Purpose: Computed tomography (CT) imaging can be used to quantitatively investigate chronic obstructive pulmonary disease (COPD). However, existing quantitative CT (QCT) features only assess structural characteristics (e.g. volumes and counts). Texture-based radiomics analysis is an emerging quantitative technique that investigates spatial relationships between voxel intensities and may therefore provide increased sensitivity to early or subtle disease changes. We hypothesized that CT radiomics features, in combination with existing QCT features, will increase accuracy for classifying COPD.

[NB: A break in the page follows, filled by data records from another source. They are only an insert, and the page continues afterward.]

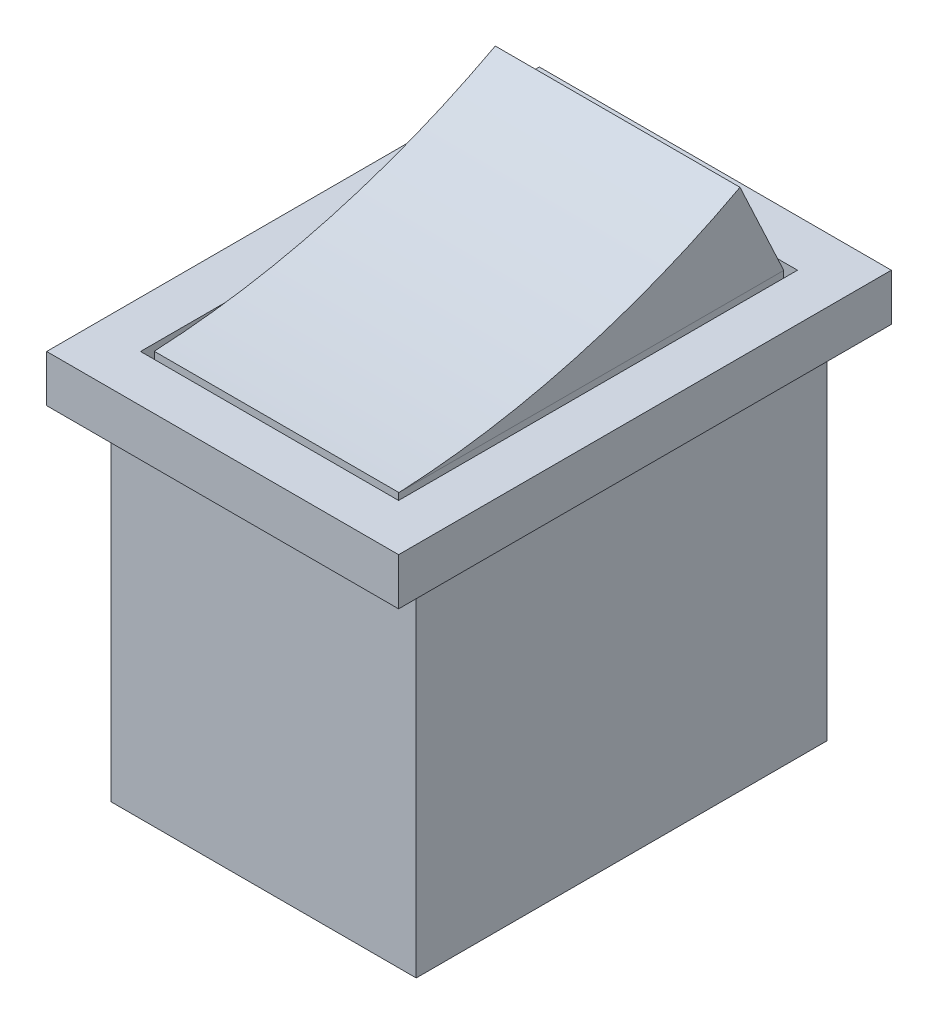
ISO-10303-21;
HEADER;
FILE_DESCRIPTION(('STEP AP214'),'2;1');
FILE_NAME('part.step','',(''),(''),'','','');
FILE_SCHEMA(('AUTOMOTIVE_DESIGN { 1 0 10303 214 1 1 1 1 }'));
ENDSEC;
DATA;
#1=APPLICATION_CONTEXT('core data for automotive mechanical design processes');
#2=APPLICATION_PROTOCOL_DEFINITION('international standard','automotive_design',2000,#1);
#3=PRODUCT_CONTEXT('',#1,'mechanical');
#4=PRODUCT('Part','Part','',(#3));
#5=PRODUCT_RELATED_PRODUCT_CATEGORY('part','',(#4));
#6=PRODUCT_DEFINITION_FORMATION('','',#4);
#7=PRODUCT_DEFINITION_CONTEXT('part definition',#1,'design');
#8=PRODUCT_DEFINITION('design','',#6,#7);
#9=PRODUCT_DEFINITION_SHAPE('','',#8);
#10=(LENGTH_UNIT() NAMED_UNIT(*) SI_UNIT(.MILLI.,.METRE.));
#11=(NAMED_UNIT(*) PLANE_ANGLE_UNIT() SI_UNIT($,.RADIAN.));
#12=(NAMED_UNIT(*) SI_UNIT($,.STERADIAN.) SOLID_ANGLE_UNIT());
#13=UNCERTAINTY_MEASURE_WITH_UNIT(LENGTH_MEASURE(1.E-05),#10,'distance_accuracy_value','');
#14=(GEOMETRIC_REPRESENTATION_CONTEXT(3) GLOBAL_UNCERTAINTY_ASSIGNED_CONTEXT((#13)) GLOBAL_UNIT_ASSIGNED_CONTEXT((#10,
#11,#12)) REPRESENTATION_CONTEXT('',''));
#15=CARTESIAN_POINT('',(0.,0.,0.));
#16=DIRECTION('',(0.,0.,1.));
#17=DIRECTION('',(1.,0.,0.));
#18=AXIS2_PLACEMENT_3D('',#15,#16,#17);
#19=CARTESIAN_POINT('',(5.215,17.,8.2));
#20=DIRECTION('',(0.,1.,0.));
#21=DIRECTION('',(0.,0.,1.));
#22=AXIS2_PLACEMENT_3D('',#19,#20,#21);
#23=PLANE('',#22);
#24=DIRECTION('',(0.,0.,-1.));
#25=VECTOR('',#24,1.);
#26=CARTESIAN_POINT('',(-5.215,17.,8.2));
#27=LINE('',#26,#25);
#28=CARTESIAN_POINT('',(-5.215,17.,8.2));
#29=VERTEX_POINT('',#28);
#30=CARTESIAN_POINT('',(-5.215,17.,-8.2));
#31=VERTEX_POINT('',#30);
#32=EDGE_CURVE('E93',#29,#31,#27,.T.);
#33=ORIENTED_EDGE('',*,*,#32,.T.);
#34=DIRECTION('',(-1.,0.,0.));
#35=VECTOR('',#34,1.);
#36=CARTESIAN_POINT('',(5.215,17.,-8.2));
#37=LINE('',#36,#35);
#38=CARTESIAN_POINT('',(5.215,17.,-8.2));
#39=VERTEX_POINT('',#38);
#40=EDGE_CURVE('E12',#39,#31,#37,.T.);
#41=ORIENTED_EDGE('',*,*,#40,.F.);
#42=DIRECTION('',(0.,0.,-1.));
#43=VECTOR('',#42,1.);
#44=CARTESIAN_POINT('',(5.215,17.,8.2));
#45=LINE('',#44,#43);
#46=CARTESIAN_POINT('',(5.215,17.,8.2));
#47=VERTEX_POINT('',#46);
#48=EDGE_CURVE('E86',#47,#39,#45,.T.);
#49=ORIENTED_EDGE('',*,*,#48,.F.);
#50=DIRECTION('',(-1.,0.,0.));
#51=VECTOR('',#50,1.);
#52=CARTESIAN_POINT('',(5.215,17.,8.2));
#53=LINE('',#52,#51);
#54=EDGE_CURVE('E94',#47,#29,#53,.T.);
#55=ORIENTED_EDGE('',*,*,#54,.T.);
#56=EDGE_LOOP('',(#33,#41,#49,#55));
#57=FACE_BOUND('',#56,.T.);
#58=ADVANCED_FACE('F46',(#57),#23,.F.);
#59=CARTESIAN_POINT('',(5.215,17.,-8.2));
#60=DIRECTION('',(0.,-0.422618261740704,0.906307787036648));
#61=DIRECTION('',(0.,-0.906307787036648,-0.422618261740704));
#62=AXIS2_PLACEMENT_3D('',#59,#60,#61);
#63=PLANE('',#62);
#64=DIRECTION('',(0.,0.906307787036648,0.422618261740704));
#65=VECTOR('',#64,1.);
#66=CARTESIAN_POINT('',(-5.215,17.,-8.2));
#67=LINE('',#66,#65);
#68=CARTESIAN_POINT('',(-5.215,21.,-6.33476936737998));
#69=VERTEX_POINT('',#68);
#70=EDGE_CURVE('E74',#31,#69,#67,.T.);
#71=ORIENTED_EDGE('',*,*,#70,.T.);
#72=DIRECTION('',(-1.,0.,0.));
#73=VECTOR('',#72,1.);
#74=CARTESIAN_POINT('',(5.215,21.,-6.33476936737998));
#75=LINE('',#74,#73);
#76=CARTESIAN_POINT('',(5.215,21.,-6.33476936737998));
#77=VERTEX_POINT('',#76);
#78=EDGE_CURVE('E54',#77,#69,#75,.T.);
#79=ORIENTED_EDGE('',*,*,#78,.F.);
#80=DIRECTION('',(0.,0.906307787036648,0.422618261740704));
#81=VECTOR('',#80,1.);
#82=CARTESIAN_POINT('',(5.215,17.,-8.2));
#83=LINE('',#82,#81);
#84=EDGE_CURVE('E82',#39,#77,#83,.T.);
#85=ORIENTED_EDGE('',*,*,#84,.F.);
#86=ORIENTED_EDGE('',*,*,#40,.T.);
#87=EDGE_LOOP('',(#71,#79,#85,#86));
#88=FACE_BOUND('',#87,.T.);
#89=ADVANCED_FACE('F83',(#88),#63,.F.);
#90=CARTESIAN_POINT('',(5.215,51.3836332347754,9.84466129825813));
#91=DIRECTION('',(-1.,0.,0.));
#92=DIRECTION('',(0.,0.,1.));
#93=AXIS2_PLACEMENT_3D('',#90,#91,#92);
#94=CYLINDRICAL_SURFACE('',#93,34.4229450397484);
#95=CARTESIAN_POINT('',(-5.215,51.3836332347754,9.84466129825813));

Methods: Spirometry and CT images were obtained from the population-based CanCOLD study. Well-established QCT features consisted of the percentage of low-attenuation-areas below -950HU and -856HU, 15th percentile of the CT-density-histogram, low-attenuation-cluster slope, CT-tissue-volume, total-airway-count, and hypothetical airway of 10mm lumen perimeter (VIDA Diagnostics). For radiomics analysis, CT images were processed using whole lung and airway segmentation, voxel resampling, and thresholding between -1000HU-to-0HU prior to extraction of grey-level-co-occurrence, grey-level-run-length, grey-level-size-zone, grey-level-distance-zone, neighborhood-grey-tone-difference, and neighboring-grey-level-dependence texture-based radiomics features. Highly correlated features were removed and a least absolute shrinkage and selection operator feature selection method was completed. 5 iterations of a nested 10-fold cross validation training was performed using a Gaussian support vector machine with hyperparameter optimization. The mean classification accuracy was used to assess performance. Multivariable linear regression models for forced-expiratory-volume-in-1-second/forced-vital-capacity (FEV₁/FVC) were constructed.
Results: A total of 1174 participants were evaluated (No COPD: n=582; COPD: n=592). The model trained with radiomics and QCT features had a 74.4% accuracy in classifying COPD, and was significantly greater than the accuracy from the only QCT features trained model (72.5%) (p<0.0001). The combined feature model also had a stronger correlation with FEV₁/FVC (r²=0.53, p<0.0001) than the only QCT features model (r²=0.47, p<0.0001).
Conclusion: CT radiomics features provides additional and complementary information when used with QCT features for characterizing COPD. Future studies should investigate using radiomics analysis for longitudinal COPD assessment.
Funding Support, Disclosures, and Conflict of Interest: This research was funded by NSERC. Dr. Kirby gratefully acknowledges support from the Parker B. Francis Fellowship Program and the Canada Research Chair Program (Tier II). Dr. Kirby is a consultant for Vida Diagnostics Inc.